They sometimes turn to us in the analytics group to give them data about how real users that fit these personas use the website. For example, how frequently to they log in and use certain features.
That would be easy to answer if we had each user labeled in the database with their corresponding persona. But we don't. It's their behavior that helps define their persona.
So the question is: how can we categorize real life users according to these personas using just our web log data?
We have been kicking this one around for awhile with little success.
We know that users wear multiple hats sometimes and so their behavior overlaps. We also have some data with hints about users such as their job title. But that data has turned out to be unreliable and incomplete. Titles don't always match real behavior.
I decided to approach the task as a machine learning classification problem. I would try to build a set of training data and build a model that could predict the proper classification.
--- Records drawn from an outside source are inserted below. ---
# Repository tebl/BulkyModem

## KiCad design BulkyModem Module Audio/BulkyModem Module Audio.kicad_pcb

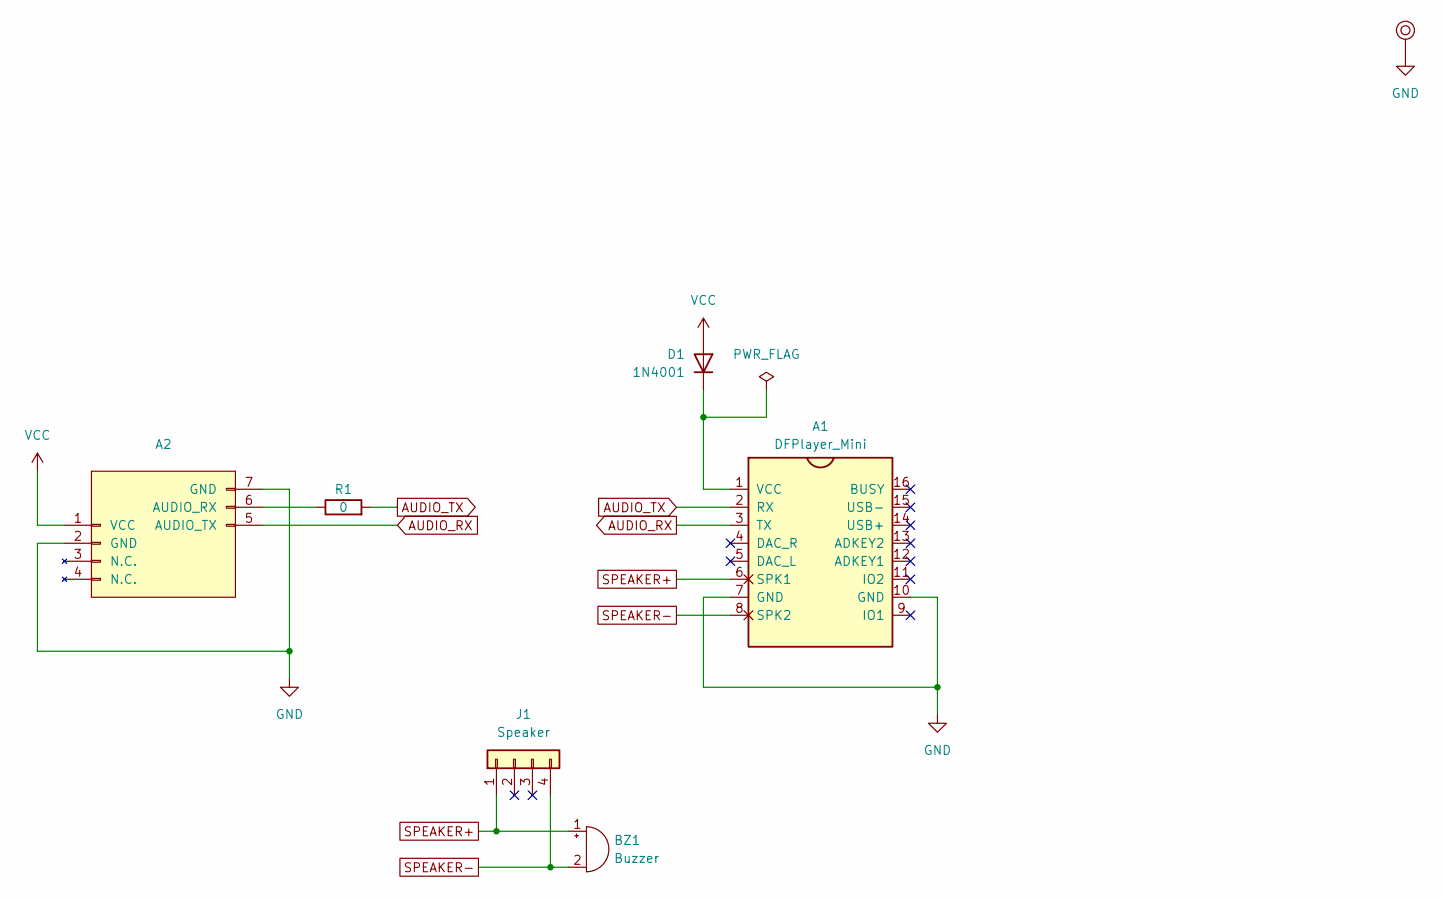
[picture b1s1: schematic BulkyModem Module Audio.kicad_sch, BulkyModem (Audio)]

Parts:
A1: DFPlayer_Mini
A2: AudioModule_Connector
BZ1: Buzzer; Buzzer_12x9.5RM7.6
D1: 1N4001; D_DO-41_SOD81_P10.16mm_Horizontal
J1: Speaker; PinHeader_1x04_P2.54mm_Horizontal
M1: Mounting_Pin; M3_pin
R1: 0; R_Axial_DIN0207_L6.3mm_D2.5mm_P10.16mm_Horizontal

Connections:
AUDIO_RX: A1.3 (TX), A2.5 (AUDIO_TX)
AUDIO_TX: A1.2 (RX), R1.2
GND: A1.7 (GND), A1.10 (GND), A2.2 (GND), A2.7 (GND), M1.1
unnamed: A1.1 (VCC), D1.1 (K)
unnamed: A2.6 (AUDIO_RX), R1.1
SPEAKER+: A1.6 (SPK1), BZ1.1 (+), J1.1
SPEAKER-: A1.8 (SPK2), BZ1.2 (-), J1.4
VCC: A2.1 (VCC), D1.2 (A)

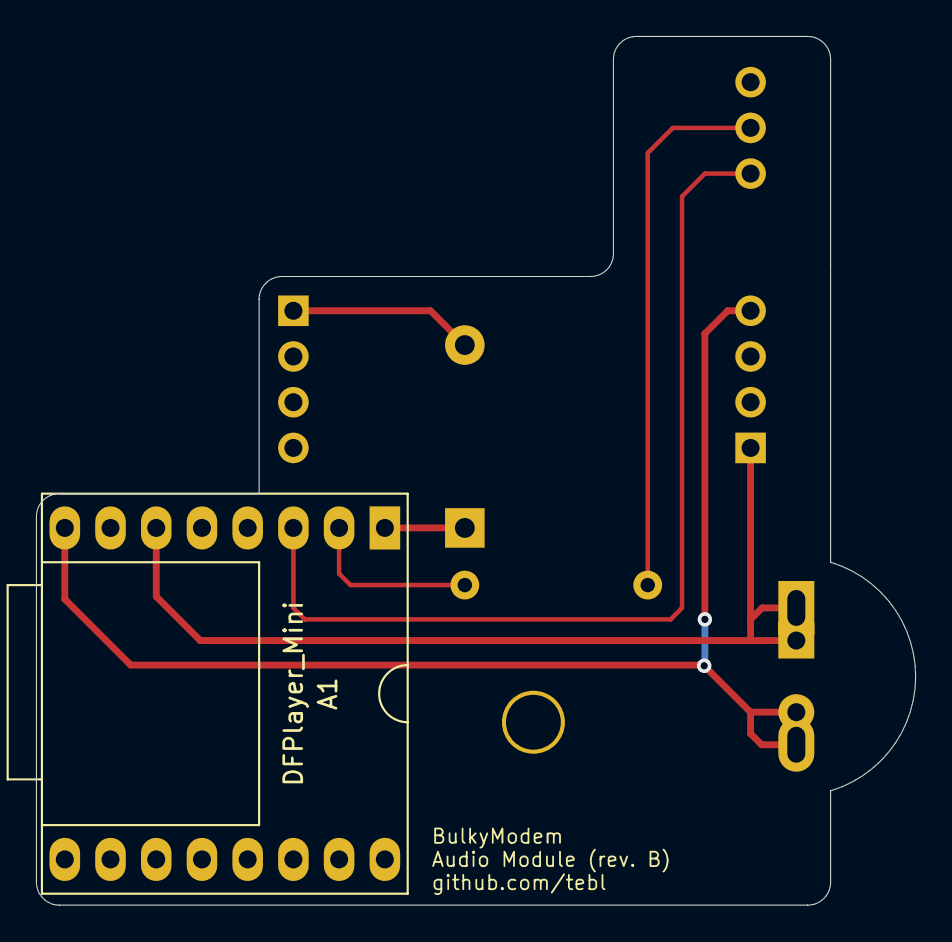
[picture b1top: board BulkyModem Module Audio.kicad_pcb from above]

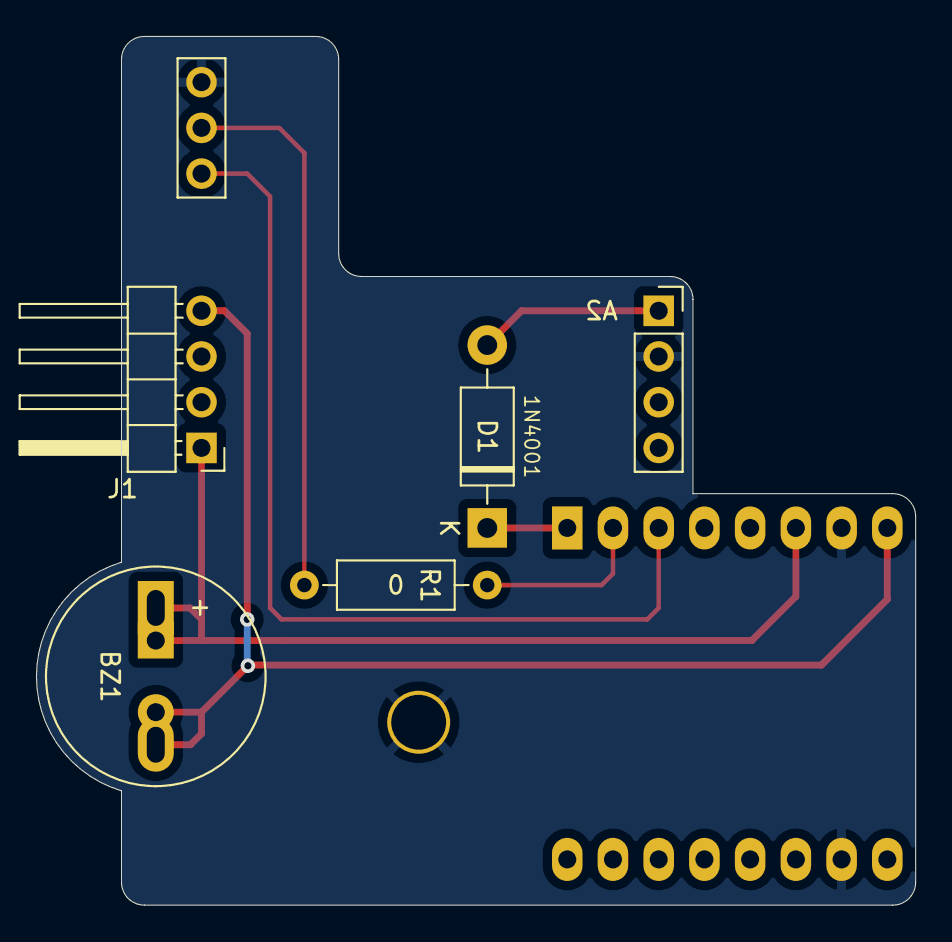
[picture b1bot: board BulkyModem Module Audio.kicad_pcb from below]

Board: 2 copper layers, 48.8 x 48.3 mm, 7 parts (4 on the bottom side), 8 nets.

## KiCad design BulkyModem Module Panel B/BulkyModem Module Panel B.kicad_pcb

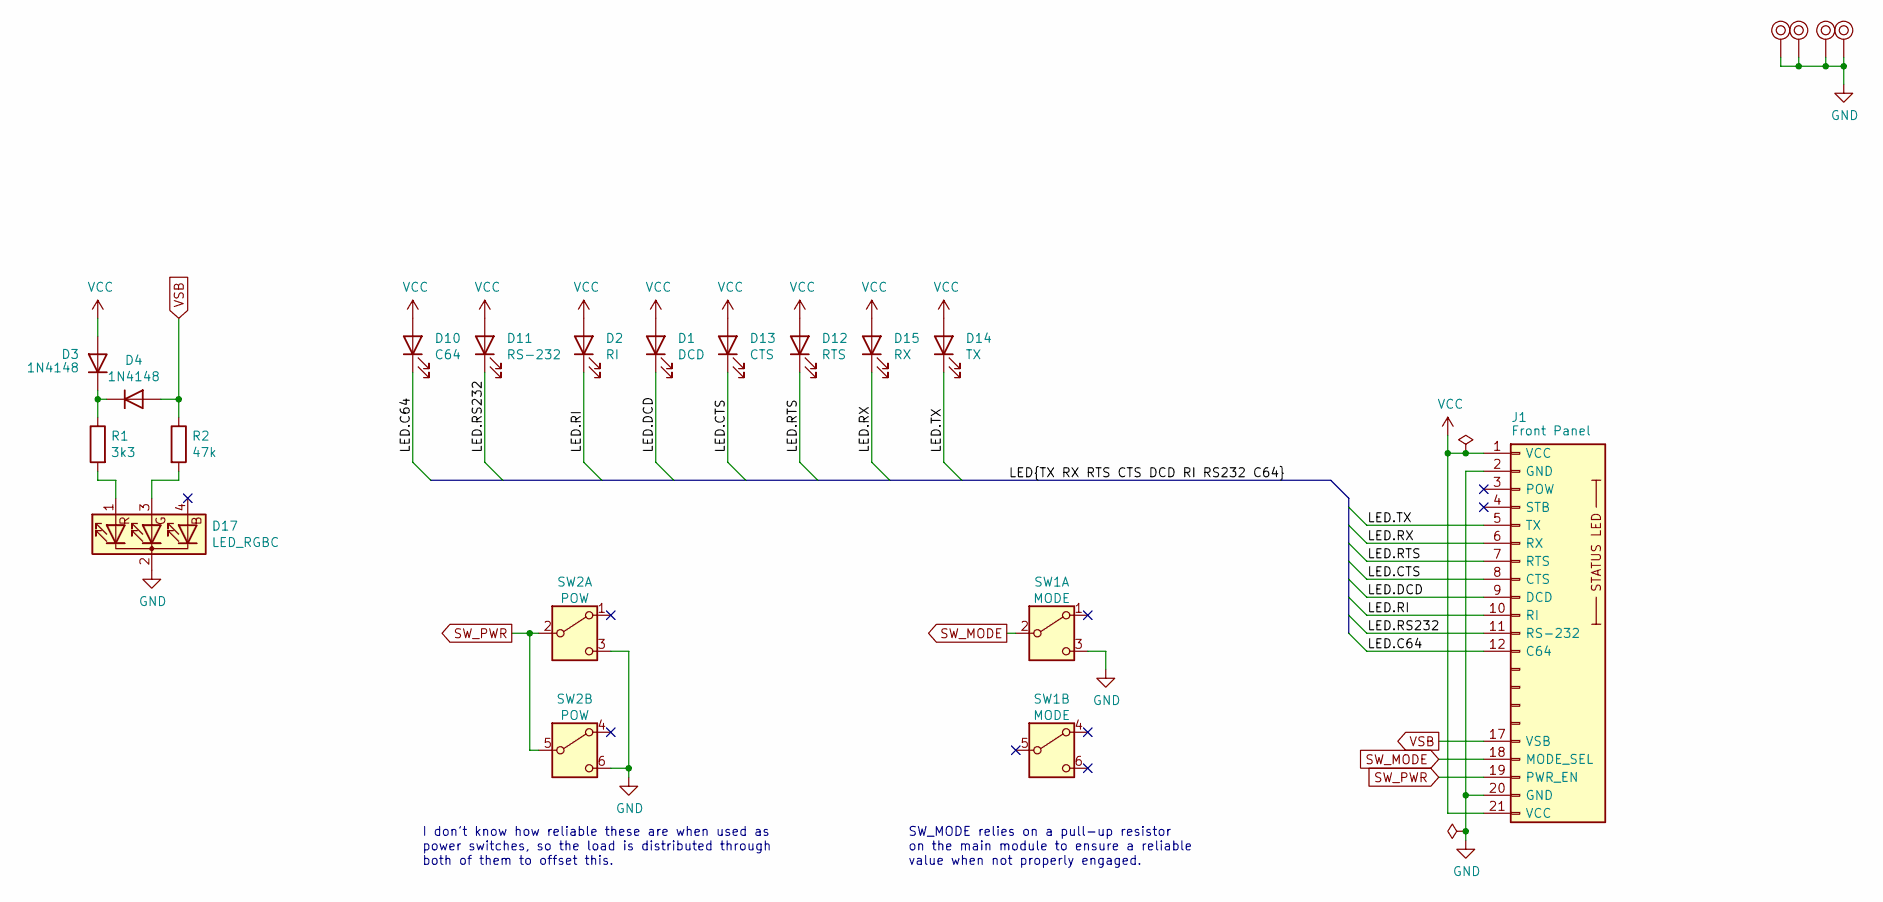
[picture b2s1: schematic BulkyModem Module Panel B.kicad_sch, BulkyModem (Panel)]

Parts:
D1: DCD; LED_D5.0mm
D2: RI; LED_D5.0mm
D3, D4: 1N4148; D_DO-35_SOD27_P7.62mm_Horizontal
D10: C64; LED_D5.0mm
D11: RS-232; LED_D5.0mm
D12: RTS; LED_D5.0mm
D13: CTS; LED_D5.0mm
D14: TX; LED_D5.0mm
D15: RX; LED_D5.0mm
D17: LED_RGBC; LED_D5.0mm-4_RGB_Wide_Pins
J1: Front Panel; PinHeader_1x21_P2.54mm_Horizontal
M1, M2, M3, M4: Mounting_Pin; M3_pin
R1: 3k3; R_Axial_DIN0207_L6.3mm_D2.5mm_P10.16mm_Horizontal
R2: 47k; R_Axial_DIN0207_L6.3mm_D2.5mm_P10.16mm_Horizontal
SW1: MODE; dpdt_switch_black
SW2: POW; dpdt_switch_black

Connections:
/LED.C64: D10.1 (K), J1.12 (C64)
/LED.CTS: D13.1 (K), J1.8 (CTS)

After trying and failing to get a list of human-classified examples to train the model, I built a quick scoring system to find clear examples of prototype persona usage.
Example:
- Persona A
- Does more than average of task X (1 points)
- Does less than average of task Y (2 points)
- Has title Business Manager (2 points)
- Persona B
- Does more than average of task Y (2 points)
- Does less than average of task Z (1 point)
- Has title Accountant (2 points)
- Has title Clerk (1 point)
Then I had to pick a classification model.
Azure currently provides a number of models. I am still learning the strengths and weaknesses of each but this is what I understand from the most common:
- Multiclass Logistic Regression
- Best when your features are mainly numeric and have a linear or simple exponential relationship to one another
- Approaches estimating the right answer using algebraic formulas
- This type of model can be trained continuously one new example at a time
- Multiclass Decision Forest
- Best when many of your features are categorical rather than numeric
- Approaches estimating the right answer using a twenty questions type scheme
- Multiclass Neural Network
- Similar to logistic regression except it allows multiple layers and combinations of formulas
Although some models to work noticeably better than others in certain cases, the training data has the greatest impact on the quality of the predictions.
If your training data doesn't contain any real patterns that can be used to make good predictions, then good predictions just simply cannot be made.